The `::rm/regal` schema provides a wrapper for regal checks.

```clojure
(require '[malli.core :as m]
'[malli.error :as me]
'[malli.generator :as mg]
'[lambdaisland.regal.malli :as rm]
'[lambdaisland.regal.malli.generator :as rmg])

(def malli-opts {:registry {::rm/regal rm/rm-regal-schema}})

(def schema (m/schema [::rm/regal [:+ "y"]] malli-opts))

(m/form schema)
;; => [::rm/regal [:+ "y"]]

(m/type schema)
;; => ::rm/regal

(m/validate schema "yyy")
;; => true

(me/humanize (m/explain schema "xxx"))
;; => ["should match regex"]

(rmg/register-regal-generator) ;; register generator for ::rm/regal schema
(mg/sample schema)
;; => ("y" "y" "y" "y" "yy" "yy" "yyyyy" "yyyyy" "yyyyy" "yyyy")
```

### BYO test.check / spec-alpha

Regal does not declare any dependencies. This lets people who only care about
using Regal Expressions to replace normal regexes to require
`lambdaisland.regal` without imposing extra dependencies upon them.

If you want to use `lambdaisland.regal.generator` you will require
`org.clojure/test.check`. For `lambdisland.regal.spec-alpha` you will
additionally need `org.clojure/spec-alpha`.

### Contributing

Everyone has a right to submit patches to this projects, and thus become a contributor.

Contributors MUST

- adhere to the [LambdaIsland Clojure Style Guide](https://nextjournal.com/lambdaisland/clojure-style-guide)
- write patches that solve a problem. Start by stating the problem, then supply a minimal solution. `*`
- agree to license their contributions as MPLv2.
- not break the contract with downstream consumers. `**`
- not break the tests.

Contributors SHOULD

- update the CHANGELOG and README.
- add tests for new functionality.

If you submit a pull request that adheres to these rules, then it will almost
certainly be merged immediately. However some things may require more
consideration. If you add new dependencies, or significantly increase the API
surface, then we need to decide if these changes are in line with the project's
goals. In this case you can start by [writing a
pitch](https://nextjournal.com/lambdaisland/pitch-template), and collecting
feedback on it.

`*` This goes for features too, a feature needs to solve a problem. State the problem it solves, then supply a minimal solution.
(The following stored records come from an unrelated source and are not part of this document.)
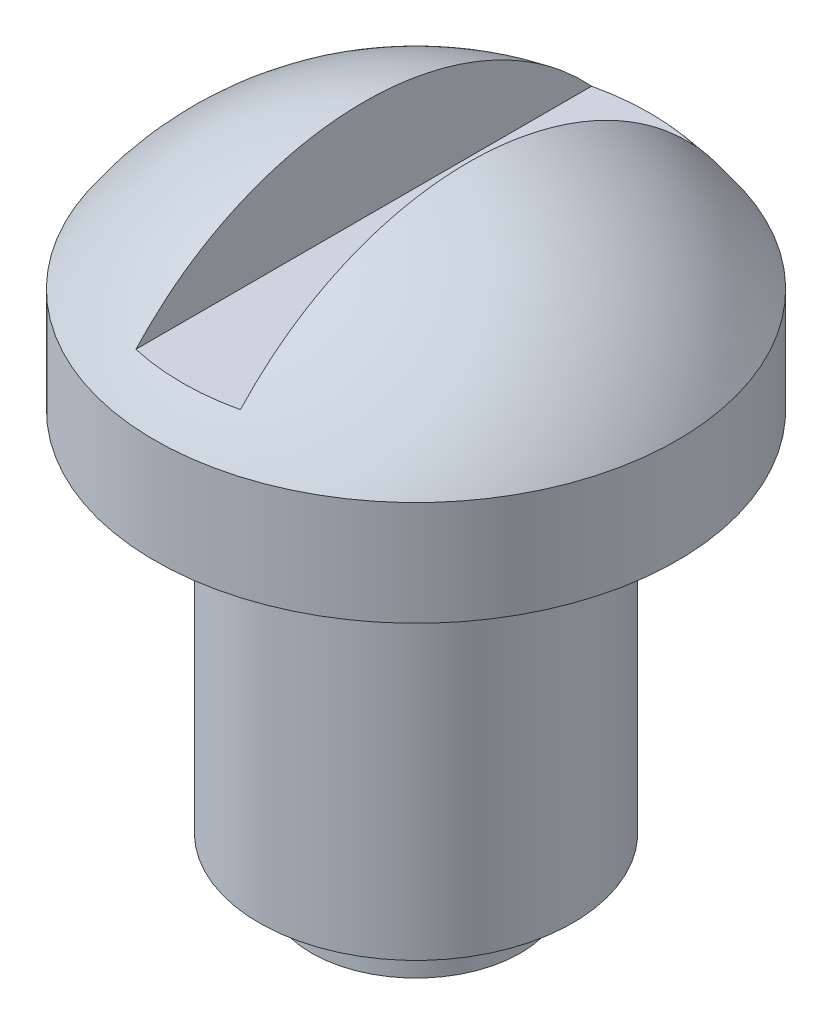
from build123d import *

# Parameters (mm, degrees)
CUT_EXTRUDE1_DEPTH      = 15.521294939
CUT_EXTRUDE1_DEPTH_BACK = 15.521294939
SKETCH2_W               = 2
SKETCH2_H               = 2


with BuildPart() as part:
    # Sketch1 → Revolve1 (revolve)
    with BuildSketch(Plane.XY, mode=Mode.PRIVATE) as revolve1_sk:
        with BuildLine():
            Line((2, 0), (2, 1))
            Line((2, 1), (3, 1))
            Line((3, 1), (3, 8))
            Line((3, 8), (5, 8))
            Line((5, 8), (5, 10))
            ThreePointArc((5, 10), (2.837274331, 11.970139283), (0, 12.68337521))
            Line((0, 12.68337521), (0, 0))
            Line((0, 0), (2, 0))
        make_face()
    revolve(revolve1_sk.sketch.rotate(Axis((0, 12.68337521, 0), (0, -1, 0)), 180), axis=Axis((0, 12.68337521, 0), (0, -1, 0)))

    # Sketch2 → Cut-Extrude1 (cut, two sides: drawn at the far end of the back side and taken through both)
    with BuildSketch(Plane.XY.offset(-CUT_EXTRUDE1_DEPTH_BACK)):
        with Locations((0, 11.68337521)):
            Rectangle(SKETCH2_W, SKETCH2_H)
    extrude(amount=CUT_EXTRUDE1_DEPTH + CUT_EXTRUDE1_DEPTH_BACK, mode=Mode.SUBTRACT)


solid = part.part

`**` As long as this project has not seen a public release (i.e. is not on Clojars)
we may still consider making breaking changes, if there is consensus that the
changes are justified.

### Prior Art

- [irregex for Chicken Scheme](http://synthcode.com/scheme/irregex/)
- [CL-PPRE create-scanner (Common Lisp)](http://edicl.github.io/cl-ppcre/#create-scanner2)
- [test.chuck string-from-regex](https://github.com/gfredericks/test.chuck#string-from-regex)
- [rx for Emacs Lisp](https://www.emacswiki.org/emacs/rx) (and [source](https://github.com/emacs-mirror/emacs/blob/master/lisp/emacs-lisp/rx.el))
- [cgrand/regex](https://github.com/cgrand/regex/)
- [ClojureVerbalExpressions](https://github.com/VerbalExpressions/ClojureVerbalExpressions)
- [FLIP](https://dl.acm.org/doi/10.1145/800005.807968), Bobrow and Teitelman, 1966

## License

Copyright © 2020 Arne Brasseur

Licensed under the term of the Mozilla Public License 2.0, see LICENSE.